Don't any of you people have friends? Sheesh, borrow theirs. 
I like splitting by hand, getting some exercise in the cold--it replaces some of my workouts in the winter. That said, if I HAD to split the wood, and had more than a cord or 2...well, I'd still try to borrow one.


----------



## Kaptain (Oct 8, 2015)

As others mentioned a gas splitter is a great investment and will last forever if it's taken care of.  Since my father burns as well it was an easy decision to buy one and share it.  It's much more enjoyable to split at your own convenience rather than blasting through 8 cords in a day. 

22 ton has proved to be more than powerful enough... The lower tonage splitters cycle faster (at least with the 'County line' brand).


----------



## BlueRidgeMark (Oct 8, 2015)

Mr. Jones said:


> The only problem is I feel rushed to get through a cord or maybe two trying to get it all done in one day.




That's it.  When you have your own, you can do a little here, and a little there, when *you *want to.    My boys can do it while I'm at work.  I can knock of a half hour after work, or first thing Saturday morning, or whenever it fits *my *schedule.  

Owning the splitter means owning your *time*. 

It just makes life a LOT easier all around.


By the way, this is one of those places where bigger is probably better, and if you get big rounds, you'll want the vertical option.
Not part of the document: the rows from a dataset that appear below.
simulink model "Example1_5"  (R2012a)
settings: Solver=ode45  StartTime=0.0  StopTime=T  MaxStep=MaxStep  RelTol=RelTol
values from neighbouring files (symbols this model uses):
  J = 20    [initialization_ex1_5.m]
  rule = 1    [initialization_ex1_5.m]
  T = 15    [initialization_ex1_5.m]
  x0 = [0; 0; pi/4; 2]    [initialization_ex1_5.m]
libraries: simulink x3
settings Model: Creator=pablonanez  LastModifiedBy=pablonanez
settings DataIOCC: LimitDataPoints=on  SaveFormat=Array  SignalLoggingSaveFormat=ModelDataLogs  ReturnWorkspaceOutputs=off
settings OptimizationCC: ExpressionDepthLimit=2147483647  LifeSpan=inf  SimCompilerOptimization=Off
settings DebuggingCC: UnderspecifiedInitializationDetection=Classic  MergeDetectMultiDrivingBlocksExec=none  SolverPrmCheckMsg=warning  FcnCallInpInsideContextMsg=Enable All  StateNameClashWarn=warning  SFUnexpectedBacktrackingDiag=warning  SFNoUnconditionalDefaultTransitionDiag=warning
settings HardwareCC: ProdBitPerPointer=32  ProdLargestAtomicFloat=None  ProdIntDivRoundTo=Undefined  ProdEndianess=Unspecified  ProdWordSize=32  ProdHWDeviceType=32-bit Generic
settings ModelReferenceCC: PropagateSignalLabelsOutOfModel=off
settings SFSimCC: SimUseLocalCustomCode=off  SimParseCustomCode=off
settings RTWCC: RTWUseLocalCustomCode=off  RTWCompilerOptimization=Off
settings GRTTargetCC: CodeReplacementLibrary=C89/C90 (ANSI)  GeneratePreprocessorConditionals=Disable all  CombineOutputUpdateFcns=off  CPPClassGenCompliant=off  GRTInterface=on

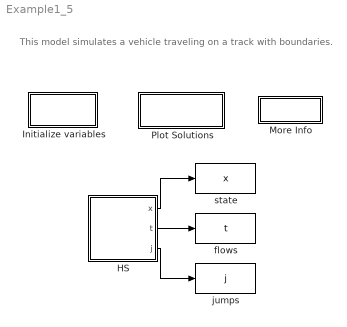
== system Example1_5 ==
  note: This model simulates a vehicle
      | traveling on a track with boundaries.
  HS : Subsystem  LoadFcn=set_param(gcb,'LinkStatus','none')
      settings: CopyFcn=|
      | set_param(gcb,'LinkStatus','none')
      | set_param(gcs, 'MaxStep', 'MaxStep', 'RelTol', 'RelTol')
      mask Display:
      | image(imread('Hcal.jpg'))
      | %plot([5 20 20 5 5],[5 5 20 20 5])
      | %text(8,13,'HyEq_mdl')
      | port_label('output', 1, 'x')
      | port_label('output', 2, 't')
      | port_label('output', 3, 'j')
  Initialize variables : Subsystem  Priority=-10
      settings: OpenFcn=initialization_ex1_5
      mask Display: disp('Double Click\n to Initialize')
  More Info : Subsystem
      settings: OpenFcn=web( 'Example_1_5.html')
      mask Display: disp('More Info')
  Plot Solutions : Subsystem
      settings: OpenFcn=postprocessing_ex1_5
      mask Display: disp('Double Click to\n Plot Solutions')
  flows : ToWorkspace  VariableName=t  SampleTime=-1
  jumps : ToWorkspace  VariableName=j  SampleTime=-1
  state : ToWorkspace  VariableName=x  SampleTime=-1
  wires:
  HS/2(t) -> flows/1
  HS/1(x) -> state/1
  HS/3(j) -> jumps/1

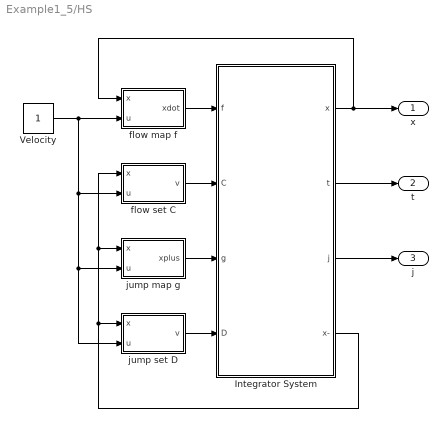
== system Example1_5/HS ==
  Integrator System : Subsystem  Priority=2  mask(Hybrid Integrator){T=T, J=J, x0=x0}
      mask prompts: T "Flow Horizon"; J "Jump Horizon"; x0 "Initial Condition"
      mask help:
      | This block integrates the state of the hybrid system defined by the flow map f (first input), the flow set C (second input), the jump map g (third input) and the jump set D (fourth input).
      | Starting from the initial condition x0 (last mask parameter), the system's state x evolves continuously within the set C, according to f(x,u), but is also subject to jumps within D, according to g(x,u).
      | The block also stops the simulation when the time t is greater than the flow horizon T (first mask parameter), or when the number of jumps j is greater than the jump horizon J (second mask parameter).
      | The outputs of the blocks are respectively x(t), t, j, x(t-).
      mask Help:
      | This block integrates the state of the hybrid system defined by the flow map f (first input), the flow set C (second input), the jump map g (third input) and the jump set D (fourth input).
      | <br>
      | Starting from the initial condition x0 (last mask parameter), the system's state x evolves continuously within the set C, according to f(x,u), but is also subject to jumps within D, according to g(x,u).
      | <br>
      | The block also stops the simulation when the time t is greater than the flow horizon T (first mask parameter), or when the number of jumps j is greater than the jump horizon J (second mask parameter).
      | <br>
      | The outputs of the blocks are respectively x(t), t, j, x(t-).
      | <br>
      | You can right click on the block and "Look under mask" to see what's inside the block.
      | Finally, refer to the manual (HybridSimulator_vXX.pdf) for more detailed information on how this hybrid simulator works.
  Velocity : Constant
  flow map f : MATLAB Function  TreatAsAtomicUnit=on
      settings: PermitHierarchicalResolution=ParametersOnly
  flow set C : MATLAB Function  TreatAsAtomicUnit=on
      settings: PermitHierarchicalResolution=ParametersOnly
  jump map g : MATLAB Function  Priority=2  TreatAsAtomicUnit=on
      settings: PermitHierarchicalResolution=ParametersOnly
  jump set D : MATLAB Function  TreatAsAtomicUnit=on
      settings: PermitHierarchicalResolution=ParametersOnly
  x : Outport
  t : Outport  Port=2
  j : Outport  Port=3
  wires:
  flow map f/1(xdot) -> Integrator System/1(f)
  Integrator System/4(x-) -> jump map g/1(x), flow set C/1(x), jump set D/1(x)
  Integrator System/1(x) -> flow map f/1(x), x/1
  flow set C/1(v) -> Integrator System/2(C)
  Integrator System/2(t) -> t/1
  Integrator System/3(j) -> j/1
  Velocity/1 -> flow map f/2(u), flow set C/2(u), jump map g/2(u), jump set D/2(u)
  jump set D/1(v) -> Integrator System/4(D)
  jump map g/1(xplus) -> Integrator System/3(g)

== system Example1_5/Initialize variables ==

== system Example1_5/More Info ==

== system Example1_5/Plot Solutions ==

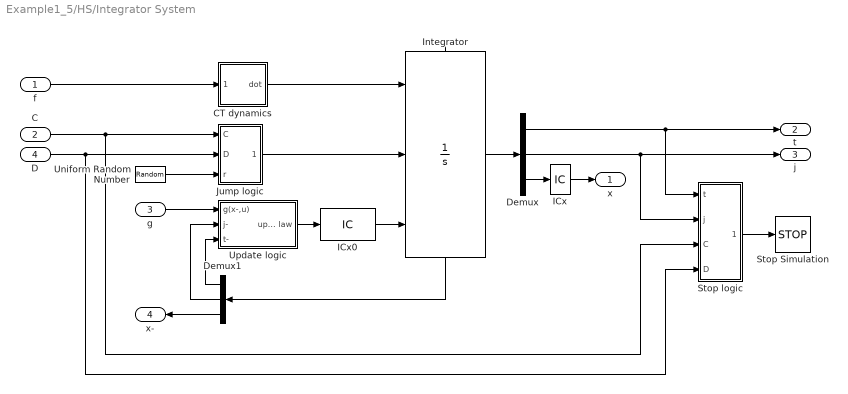
== system Example1_5/HS/Integrator System ==
  f : Inport
  C : Inport  Port=2
  g : Inport  Port=3
  D : Inport  Port=4
  CT dynamics : Subsystem
  Demux : Demux  Outputs=[1 1 -1]
  Demux1 : Demux  Outputs=[1 1 -1]
  ICx : InitialCondition  Value=x0
  ICx0 : InitialCondition  Value=[0; 0; x0(:)]
  Integrator : Integrator  ExternalReset=level hold  InitialConditionSource=external  ShowStatePort=on  ZeroCross=off
  Jump logic : Subsystem
  Stop Simulation : Stop
  Stop logic : Subsystem
  Uniform Random Number : UniformRandomNumber  Minimum=0  Seed=abs(floor(100*rand))  SampleTime=0
  Update logic : Subsystem
  x : Outport
  t : Outport  Port=2
  j : Outport  Port=3
  x- : Outport  Port=4
  wires:
  Demux1/2 -> Update logic/2(j-)
  Demux1/1 -> Update logic/3(t-)
  g/1 -> Update logic/1(g(x-,u))
  Uniform Random Number/1 -> Jump logic/3(r)
  Jump logic/1(jump) -> Integrator/2
  Demux1/3 -> x-/1
  f/1 -> CT dynamics/1(f(x,u))
  D/1 -> Jump logic/2(D), Stop logic/4(D)
  C/1 -> Jump logic/1(C), Stop logic/3(C)
  Integrator/1 -> Demux/1
  Stop logic/1(stop) -> Stop Simulation/1
  CT dynamics/1(dot) -> Integrator/1
  Update logic/1(update law) -> ICx0/1
  Demux/1 -> Stop logic/1(t), t/1
  Demux/2 -> Stop logic/2(j), j/1
  Integrator/State -> Demux1/1
  Demux/3 -> ICx/1
  ICx/1 -> x/1
  ICx0/1 -> Integrator/3

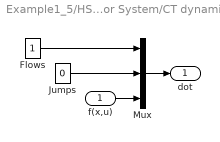
== system Example1_5/HS/Integrator System/CT dynamics ==
  f(x,u) : Inport
  Flows : Constant
  Jumps : Constant  Value=0
  Mux : Mux  Inputs=[1 1 -1]
  dot : Outport
  wires:
  f(x,u)/1 -> Mux/3
  Mux/1 -> dot/1
  Flows/1 -> Mux/1
  Jumps/1 -> Mux/2

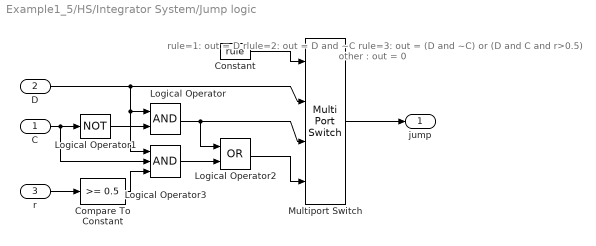
== system Example1_5/HS/Integrator System/Jump logic ==
  note: rule=1:  out = D
      | rlule=2: out = D and ~C
      | rule=3:  out = (D and ~C)  or (D and C and r>0.5)
      | other :  out = 0
  C : Inport
  D : Inport  Port=2
  r : Inport  Port=3
  Compare To Constant : simulink/Logic and Bit Operations/Compare To Constant  relop=>=  const=0.5  OutDataTypeStr=uint8
  Constant : Constant  Value=rule
  Logical Operator : Logic  AllPortsSameDT=off  OutDataTypeStr=boolean
  Logical Operator1 : Logic  Operator=NOT  Inputs=1  AllPortsSameDT=off  OutDataTypeStr=boolean
  Logical Operator2 : Logic  Operator=OR  AllPortsSameDT=off  OutDataTypeStr=boolean
  Logical Operator3 : Logic  Inputs=3  AllPortsSameDT=off  OutDataTypeStr=boolean
  Multiport Switch : MultiPortSwitch
  jump : Outport
  wires:
  Logical Operator3/1 -> Logical Operator2/2
  Compare To Constant/1 -> Logical Operator3/3
  Multiport Switch/1 -> jump/1
  Logical Operator2/1 -> Multiport Switch/4
  Logical Operator/1 -> Logical Operator2/1, Multiport Switch/3
  Logical Operator1/1 -> Logical Operator/2
  C/1 -> Logical Operator1/1, Logical Operator3/2
  r/1 -> Compare To Constant/1
  D/1 -> Multiport Switch/2, Logical Operator/1, Logical Operator3/1
  Constant/1 -> Multiport Switch/1

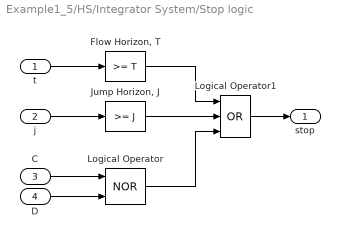
== system Example1_5/HS/Integrator System/Stop logic ==
  t : Inport
  j : Inport  Port=2
  C : Inport  Port=3
  D : Inport  Port=4
  "Flow Horizon, T" : simulink/Logic and Bit Operations/Compare To Constant  relop=>=  const=T  OutDataTypeStr=uint8  ZeroCross=off
  "Jump Horizon, J" : simulink/Logic and Bit Operations/Compare To Constant  relop=>=  const=J  OutDataTypeStr=uint8  ZeroCross=off
  Logical Operator : Logic  Operator=NOR  AllPortsSameDT=off  OutDataTypeStr=boolean
  Logical Operator1 : Logic  Operator=OR  Inputs=3  AllPortsSameDT=off  OutDataTypeStr=boolean
  stop : Outport
  wires:
  Logical Operator1/1 -> stop/1
  C/1 -> Logical Operator/1
  j/1 -> "Jump Horizon, J"/1
  t/1 -> "Flow Horizon, T"/1
  D/1 -> Logical Operator/2
  Logical Operator/1 -> Logical Operator1/3
  "Jump Horizon, J"/1 -> Logical Operator1/2
  "Flow Horizon, T"/1 -> Logical Operator1/1

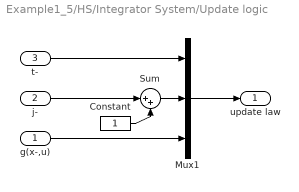
== system Example1_5/HS/Integrator System/Update logic ==
  g(x-,u) : Inport
  j- : Inport  Port=2
  t- : Inport  Port=3
  Constant : Constant
  Mux1 : Mux  Inputs=[1 1 -1]
  Sum : Sum  Inputs=|++
  update law : Outport
  wires:
  Constant/1 -> Sum/2
  t-/1 -> Mux1/1
  g(x-,u)/1 -> Mux1/3
  j-/1 -> Sum/1
  Mux1/1 -> update law/1
  Sum/1 -> Mux1/2

== matlab function Example1_5/HS/jump set D ==
  data: x input; v output; u input
function v  = D(x, u) 

%%%%%%%%%%%%%%%%%%%%%%%%%%%%%%%%%%%%%%%%%%%%%%%%%%%%%%%%%%%%%%%%%%%%%%%%%%%
% Matlab Function  Author: Ricardo Sanfelice
%
% Project: Simulation of a hybrid system (Vehicle Traveling on a Track)
%
% Name: D.m
%
% Description: Jump set
%
% Version: 1.0
% Required files: - 
%%%%%%%%%%%%%%%%%%%%%%%%%%%%%%%%%%%%%%%%%%%%%%%%%%%%%%%%%%%%%%%%%%%%%%%%%%%

xtemp = zeros(4,1);
xtemp = x;
x = xtemp;

% state
xi1 = x(1);      %x-position
xi2 = x(2);      %y-position
xi3 = x(3);      %orientation angle
q = x(4);  

% q = 1 --> going left
% q = 2 --> going right

 if ((xi1 >= 1) && (q == 2)) || ((xi1 <= -1) && (q == 1))  % jump condition
     v = 1;  % report jump
 else 
     v = 0; % do not report jump
 end

== matlab function Example1_5/HS/flow map f ==
  data: x input; xdot output; u input
function xdot = f(x, u)

%%%%%%%%%%%%%%%%%%%%%%%%%%%%%%%%%%%%%%%%%%%%%%%%%%%%%%%%%%%%%%%%%%%%%%%%%%%
% Matlab Function  Author: Ricardo Sanfelice
%
% Project: Simulation of a hybrid system (Vehicle Traveling on a Track)
%
% Name: f.m
%
% Description: Flow map
%
% Version: 1.0
% Required files: - 
%%%%%%%%%%%%%%%%%%%%%%%%%%%%%%%%%%%%%%%%%%%%%%%%%%%%%%%%%%%%%%%%%%%%%%%%%%%

xtemp = zeros(4,1);
xtemp = x;
x = xtemp;

% state
xi1 = x(1);      %x-position
xi2 = x(2);      %y-position
xi3 = x(3);      %orientation angle
q = x(4);       

% q = 1 --> going left
% q = 2 --> going right

if q == 1
    r = 3*pi/4;
elseif q == 2
    r = pi/4;
else
    r = 0;
end

% flow map: xidot=f(xi,u);
xi1dot = u*cos(xi3);  %tangential velocity in x-direction
xi2dot = u*sin(xi3);  %tangential velocity in y-direction
xi3dot = -xi3 + r;      %angular velocity
qdot = 0;

xdot = [xi1dot;xi2dot;xi3dot;qdot];

== matlab function Example1_5/HS/flow set C ==
  data: x input; v output; u input
function v  = C(x, u) 

%%%%%%%%%%%%%%%%%%%%%%%%%%%%%%%%%%%%%%%%%%%%%%%%%%%%%%%%%%%%%%%%%%%%%%%%%%%
% Matlab Function  Author: Ricardo Sanfelice
%
% Project: Simulation of a hybrid system (Vehicle Traveling on a Track)
%
% Name: C.m
%
% Description: Flow set
%
% Version: 1.0
% Required files: - 
%%%%%%%%%%%%%%%%%%%%%%%%%%%%%%%%%%%%%%%%%%%%%%%%%%%%%%%%%%%%%%%%%%%%%%%%%%%

xtemp = zeros(4,1);
xtemp = x;
x = xtemp;

% state
xi1 = x(1);      %x-position
xi2 = x(2);      %y-position
xi3 = x(3);      %orientation angle
q = x(4);  

% q = 1 --> going left
% q = 2 --> going right

if ((xi1 < 1) && (q == 2)) || ((xi1 > -1) && (q == 1))  % flow condition
    v = 1;  % report flow
else 
    v = 0;   % do not report flow
end

== matlab function Example1_5/HS/jump map g ==
  data: x input; xplus output; u input
function xplus = g(x, u)

%%%%%%%%%%%%%%%%%%%%%%%%%%%%%%%%%%%%%%%%%%%%%%%%%%%%%%%%%%%%%%%%%%%%%%%%%%%
% Matlab Function  Author: Ricardo Sanfelice
%
% Project: Simulation of a hybrid system (Vehicle Traveling on a Track)
%
% Name: g.m
%
% Description: Jump map
%
% Version: 1.0
% Required files: - 
%%%%%%%%%%%%%%%%%%%%%%%%%%%%%%%%%%%%%%%%%%%%%%%%%%%%%%%%%%%%%%%%%%%%%%%%%%%

xtemp = zeros(4,1);
xtemp = x;
x = xtemp;
% state
xi1 = x(1);      %x-position
xi2 = x(2);      %y-position
xi3 = x(3);      %orientation angle
q = x(4);  

% q = 1 --> going left
% q = 2 --> going right
xi1plus=xi1;
xi2plus=xi2;
xi3plus=xi3;
qplus=q;

% jump map
if ((xi1 >= 1) && (q == 2)) || ((xi1 <= -1) && (q == 1))
   qplus = 3-q;
else
    qplus = q;
end

xplus = [xi1plus;xi2plus;xi3plus;qplus];

FWIW, I do about 5 cords per year.


----------



## MaintenanceMan (Oct 8, 2015)

I scrounged CL for quite a while, never seriously interested enough to spend the dough. One day a good friend called and said he wanted to get one and wanted to know if I'd go in half. Normally I don't like to share ownership in tools or the like, but with this individual I wouldn't hesitate. And wouldn't you know it heck of a deal on a like new Huskee 22 ton popped up on CL.... I took it as an omen and picked it up. Sharing it has not been a problem and I still split some by hand just cause I wanna.... One of the best purchases I've made though. Sure helps with those knotty twisted pieces.


----------



## MaintenanceMan (Oct 8, 2015)

Mr. Jones said:


> I've found the splitter I want. Super fast. Super safe. hahaha





Looks like somethin my nine-toed one-eyed brother-in-law would come up with....


----------



## Jags (Oct 8, 2015)

If you plan on being in this wood game for the long haul, get a splitter.  Get one BEFORE you wreck your body.  For every 1 person that claims to have split wood by hand for the last XX years and still love it, there are 5 complaining about wrecked shoulders/ wrists/ back, etc.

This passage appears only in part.